4) Dar lastro ao leitor à medida que a informação se desenvolva (não repetir a cada vez o nome completo de cada coisa, mas simplesmente se referir de forma mais sintética)

5) Fazer com que até um marciano seja capaz de entender tudo o que está escrito no jornal

6) Não deixar pontas soltas, ou expectativas não satisfeitas de informação

7) Nunca deixar de registrar quando e onde ocorreram os fatos

Bastenier considera que, em um primeiro momento, as versões eletrônicas dos jornais impressos “canibalizaram” o público leitor do papel, ao não preparar a transição para o digital de uma forma mais suave. De um momento para o outro, o consumidor de notícia passou a ter acesso a informações em outros canais, primeiro através de blogs e atualmente por redes sociais. Na América Latina, incluindo o Brasil, vive-se um fenômeno contrário do que ocorre nos Estados Unidos e na Europa: o número de leitores de publicações em papel vem crescendo, por causa da ascensão econômica das classes mais populares. Como ocorreu há mais de cem anos nos países mais ricos, ser assinante de um jornal ou revista traz status social e o universo de novos leitores advindos das camadas C, D e E não está ainda devidamente “alfabetizado” e “cooptado” pelos meios eletrônicos.

Como evitar que os antigos e novos leitores de jornal em papel não se deixem seduzir pelo digital, condenando o tradicional “dispositivo” à morte? Oferecendo conteúdo que, ao mesmo tempo, mantenha a ideia da tradição do “fechamento”, trazendo informações processadas dentro de um ciclo de tempo, e que seja atualizado ao longo do dia. Os novos celulares e tablets intensificaram a sensação de que nunca na história da humanidade se teve acesso a tanta notícia – e de forma gratuita, em algumas situações. Para permanecerem vivos e competitivos, os jornais precisarão investir mais e mais em coberturas exclusivas, o que representará mais gastos num momento em que a ordem é economizar. Ao contrário do papel, não são muitos os leitores dispostos a pagar por consumo de notícia pelo meio digital.

Nesse processo de reinvenção forçado pelas novas tecnologias e a concorrência de outros “fazedores de notícias”, os jornais mais tradicionais podem se consolidar no futuro justamente pelo poder do seu passado. No processo de “musealização” da sociedade, descrito pelo pensador alemão Andreas Huyssen no seu livro Seduzidos pela memória, os jornais têm nos seus exemplares já catalogados um acervo que vai ganhar crescente importância dentro de um universo onde a informação circula em todos os momentos.

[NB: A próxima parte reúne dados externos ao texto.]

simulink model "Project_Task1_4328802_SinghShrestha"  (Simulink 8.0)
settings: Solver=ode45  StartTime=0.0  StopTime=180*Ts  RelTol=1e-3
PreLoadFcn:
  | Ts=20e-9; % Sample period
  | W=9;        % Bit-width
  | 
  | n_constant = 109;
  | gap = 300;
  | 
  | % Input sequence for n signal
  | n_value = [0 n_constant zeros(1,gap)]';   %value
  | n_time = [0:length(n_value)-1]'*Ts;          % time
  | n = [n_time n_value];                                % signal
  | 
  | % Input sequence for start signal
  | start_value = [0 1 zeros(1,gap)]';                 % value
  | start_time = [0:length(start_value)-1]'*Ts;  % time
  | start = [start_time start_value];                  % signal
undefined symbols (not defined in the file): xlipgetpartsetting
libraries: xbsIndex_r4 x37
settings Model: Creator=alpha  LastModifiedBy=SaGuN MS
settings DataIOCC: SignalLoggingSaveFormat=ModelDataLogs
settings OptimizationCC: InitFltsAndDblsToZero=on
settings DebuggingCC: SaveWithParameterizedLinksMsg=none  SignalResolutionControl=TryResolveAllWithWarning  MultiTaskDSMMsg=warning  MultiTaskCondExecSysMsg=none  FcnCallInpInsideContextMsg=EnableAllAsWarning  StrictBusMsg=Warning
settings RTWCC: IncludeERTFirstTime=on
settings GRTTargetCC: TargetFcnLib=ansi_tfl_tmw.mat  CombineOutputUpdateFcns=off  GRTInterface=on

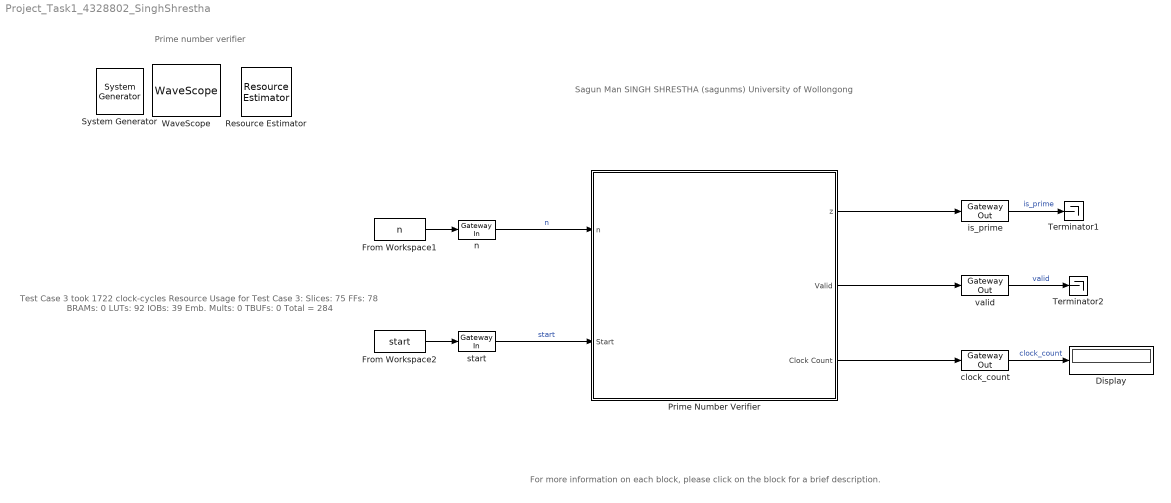
== system Project_Task1_4328802_SinghShrestha ==
  note: Prime number verifier
  note: Sagun Man SINGH SHRESTHA
      | (sagunms)
      | University of Wollongong
  note: Test Case 3 took 1722 clock-cycles
      |
      | Resource Usage for Test Case 3:
      | Slices: 75
      | FFs: 78
      | BRAMs: 0
      | LUTs: 92
      | IOBs: 39
      | Emb. Mults: 0
      | TBUFs: 0
      | Total = 284
  note: For more information on each block, please click on the block for a brief description.
  " System Generator" : xbsIndex_r4/ System Generator  Tag=genX  xilinxfamily=spartan3e  part=xc3s500e  speed=-4  package=fg320  synthesis_tool=XST  clock_wrapper=Clock Enables  directory=./ise  proj_type=Project Navigator  Synth_file=XST Defaults  Impl_file=ISE Defaults  testbench=off  simulink_period=Ts  sysclk_period=20  dcm_input_clock_period=100  incr_netlist=off  trim_vbits=Everywhere in SubSystem  dbl_ovrd=According to Block Masks  core_generation=According to Block Masks  run_coregen=off  deprecated_control=off  eval_field=0  block_type=sysgen
      settings: block_version=8.2.02
  Display : Display
  From Workspace1 : FromWorkspace  VariableName=n  SampleTime=Ts  Interpolate=off  OutputAfterFinalValue=Holding final value
  From Workspace2 : FromWorkspace  VariableName=start  SampleTime=Ts  Interpolate=off  OutputAfterFinalValue=Holding final value
  Prime Number Verifier : Subsystem
  Resource Estimator : xbsIndex_r4/Resource Estimator  Tag=resEstTag  Slices=75  FFs=78  BRAMs=0  LUTs=92  IOBs=39  EBMs=0  TBUFs=0  xl_use_estimator_area=off  est_options=Estimate  xl_estimator_area="[ 75  78   0  92  39   0   0 ]"  block_type=resource_estimator
      settings: AttributesFormatString=Resource\nEstimator  block_version=11.4
  Terminator1 : Terminator
  Terminator2 : Terminator
  WaveScope : xbsIndex_r4/WaveScope  block_type=wavescope
      settings: block_version=8.2.02
  clock_count : xbsIndex_r4/Gateway Out  inherit_from_input=off  hdl_port=on  timing_constraint=None  locs_specified=off  LOCs={'F9'}  UseAsDAC=off  DACChannel='1'  block_type=gatewayout
      settings: infoedit="Gateway out block.  Converts Xilinx fixed point inputs into ouputs of type Simulink integer, double, or fixed point.<P><P>Hardware notes:  In hardware these blocks become top level output ports or are discarded, depending on how they are configured."  xl_area=[0 0 0 0 24 0 0]  block_version=8.2.02
  is_prime : xbsIndex_r4/Gateway Out  inherit_from_input=off  hdl_port=on  timing_constraint=None  locs_specified=off  LOCs={'F9'}  UseAsDAC=off  DACChannel='1'  block_type=gatewayout
      settings: infoedit="Gateway out block.  Converts Xilinx fixed point inputs into ouputs of type Simulink integer, double, or fixed point.<P><P>Hardware notes:  In hardware these blocks become top level output ports or are discarded, depending on how they are configured."  xl_area=[0 0 0 0 1 0 0]  block_version=8.2.02
  n : xbsIndex_r4/Gateway In  gui_display_data_type=Fixed-point  arith_type=Unsigned  n_bits=W  bin_pt=0  preci_type=Single  exp_width=8  frac_width=24  quantization="Round  (unbiased: +/- Inf)"  overflow=Wrap  period=Ts  dbl_ovrd=off  timing_constraint=None  locs_specified=off  LOCs={'V16'}  UseAsADC=off  ADCChannel='1'  inherit_from_input=off  hdl_port=on  block_type=gatewayin
      settings: infoedit="Gateway in block.  Converts inputs of type Simulink integer, double and fixed point to  Xilinx fixed point type.<br><br>Hardware notes:  In hardware these blocks become top level input ports."  xl_area=[0 0 0 0 12 0 0]  block_version=8.2.02
  start : xbsIndex_r4/Gateway In  gui_display_data_type=Fixed-point  arith_type=Boolean  n_bits=W  bin_pt=0  preci_type=Single  exp_width=8  frac_width=24  quantization="Round  (unbiased: +/- Inf)"  overflow=Wrap  period=Ts  dbl_ovrd=off  timing_constraint=None  locs_specified=off  LOCs={'V16'}  UseAsADC=off  ADCChannel='1'  inherit_from_input=off  hdl_port=on  block_type=gatewayin
      settings: infoedit="Gateway in block.  Converts inputs of type Simulink integer, double and fixed point to  Xilinx fixed point type.<P><P>Hardware notes:  In hardware these blocks become top level input ports."  xl_area=[0 0 0 0 1 0 0]  block_version=8.2.02
  valid : xbsIndex_r4/Gateway Out  inherit_from_input=off  hdl_port=on  timing_constraint=None  locs_specified=off  LOCs={'F9'}  UseAsDAC=off  DACChannel='1'  block_type=gatewayout
      settings: infoedit="Gateway out block.  Converts Xilinx fixed point inputs into ouputs of type Simulink integer, double, or fixed point.<P><P>Hardware notes:  In hardware these blocks become top level output ports or are discarded, depending on how they are configured."  xl_area=[0 0 0 0 1 0 0]  block_version=8.2.02
  wires:
  From Workspace1/1 -> n/1
  From Workspace2/1 -> start/1
  is_prime/1 -> Terminator1/1  "is_prime"
  valid/1 -> Terminator2/1  "valid"
  clock_count/1 -> Display/1  "clock_count"
  n/1 -> Prime Number Verifier/1(n)  "n"
  start/1 -> Prime Number Verifier/2(Start)  "start"
  Prime Number Verifier/1(z) -> is_prime/1
  Prime Number Verifier/2(Valid) -> valid/1
  Prime Number Verifier/3(Clock Count) -> clock_count/1

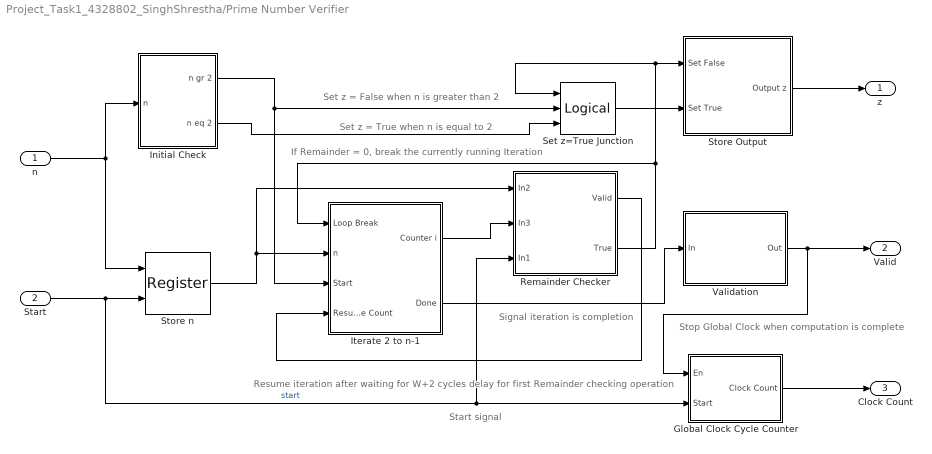
== system Project_Task1_4328802_SinghShrestha/Prime Number Verifier ==
  note: Start signal
  note: Set z = False when n is greater than 2
  note: Set z = True when n is equal to 2
  note: Signal iteration is completion
  note: If Remainder = 0, break the currently running Iteration
  note: Resume iteration after waiting for W+2 cycles delay for first Remainder checking operation
  note: Stop Global Clock when computation is complete
  n : Inport
  Start : Inport  Port=2
  Global Clock Cycle Counter : Subsystem
  Initial Check : Subsystem
  Iterate 2 to n-1 : Subsystem
  Remainder Checker : Subsystem
  Set z=True Junction : xbsIndex_r4/Logical  logical_function=OR  inputs=3  en=off  latency=0  precision=Full  arith_type=Unsigned  n_bits=16  bin_pt=0  align_bp=on  dbl_ovrd=off  block_type=logical
      settings: xl_area=[1 0 0 1 0 0 0]
  Store Output : Subsystem
  Store n : xbsIndex_r4/Register  init=0  rst=off  en=on  dbl_ovrd=off  block_type=register
      settings: xl_area=[6 12 0 0 0 0 0]
  Validation : Subsystem
  z : Outport
  Valid : Outport  Port=2
  Clock Count : Outport  Port=3
  wires:
  Start/1 -> Global Clock Cycle Counter/2(Start), Remainder Checker/3(In1), Store n/2  "start"
  n/1 -> Store n/1, Initial Check/1(n)
  Store n/1 -> Remainder Checker/1(In2), Iterate 2 to n-1/2(n)
  Validation/1(Out) -> Global Clock Cycle Counter/1(En), Valid/1
  Global Clock Cycle Counter/1(Clock Count) -> Clock Count/1
  Initial Check/1(n gr 2) -> Set z=True Junction/2, Iterate 2 to n-1/3(Start)
  Store Output/1(Output z) -> z/1
  Initial Check/2(n eq 2) -> Set z=True Junction/3
  Set z=True Junction/1 -> Store Output/2(Set True)
  Iterate 2 to n-1/2(Done) -> Validation/1(In)
  Remainder Checker/2(True) -> Store Output/1(Set False), Set z=True Junction/1, Iterate 2 to n-1/1(Loop Break)
  Iterate 2 to n-1/1(Counter i) -> Remainder Checker/2(In3)
  Remainder Checker/1(Valid) -> Iterate 2 to n-1/4(Resume Count)

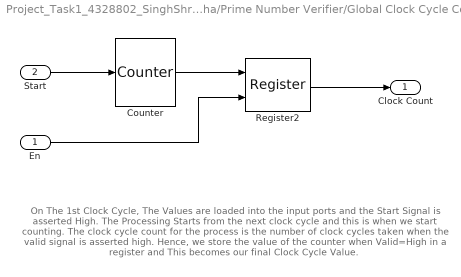
== system Project_Task1_4328802_SinghShrestha/Prime Number Verifier/Global Clock Cycle Counter ==
  note: On The 1st Clock Cycle, The Values are loaded into the input ports and the Start Signal is asserted High.
      |
      | The Processing Starts from the next clock cycle and this is when we start counting.
      | The clock cycle count for the process is the number of clock cycles taken when the valid signal is asserted high.
      |
      | Hence, we store the value of the counter when Valid=High in a register and This becomes our final Clock Cycle Value.
  En : Inport
  Start : Inport  Port=2
  Counter : xbsIndex_r4/Counter  cnt_type=Free Running  cnt_to=Inf  operation=Up  start_count=1  cnt_by_val=1  arith_type=Unsigned  n_bits=2*W  bin_pt=0  load_pin=off  rst=on  en=off  explicit_period=off  period=1  dbl_ovrd=off  use_behavioral_HDL=off  implementation=Fabric  use_rpm=off  block_type=counter
      settings: xl_area=[13 24 0 24 0 0 0]  block_version=8.2.02
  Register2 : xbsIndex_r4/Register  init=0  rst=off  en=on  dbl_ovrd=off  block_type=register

Os jornalistas do presente, os que produzirão para o consumidor dos dispositivos de vidro, serão os “arqueólogos de dados”, os habilitados a desvendar os sinais mais representativos deste mundo digital. Do papel ao vidro, do tempo linear ao fragmentado, o jornalista se tornará cada vez mais um historiador do contemporâneo. Muito ou pouco, vai ter que continuar a escrever. E bem.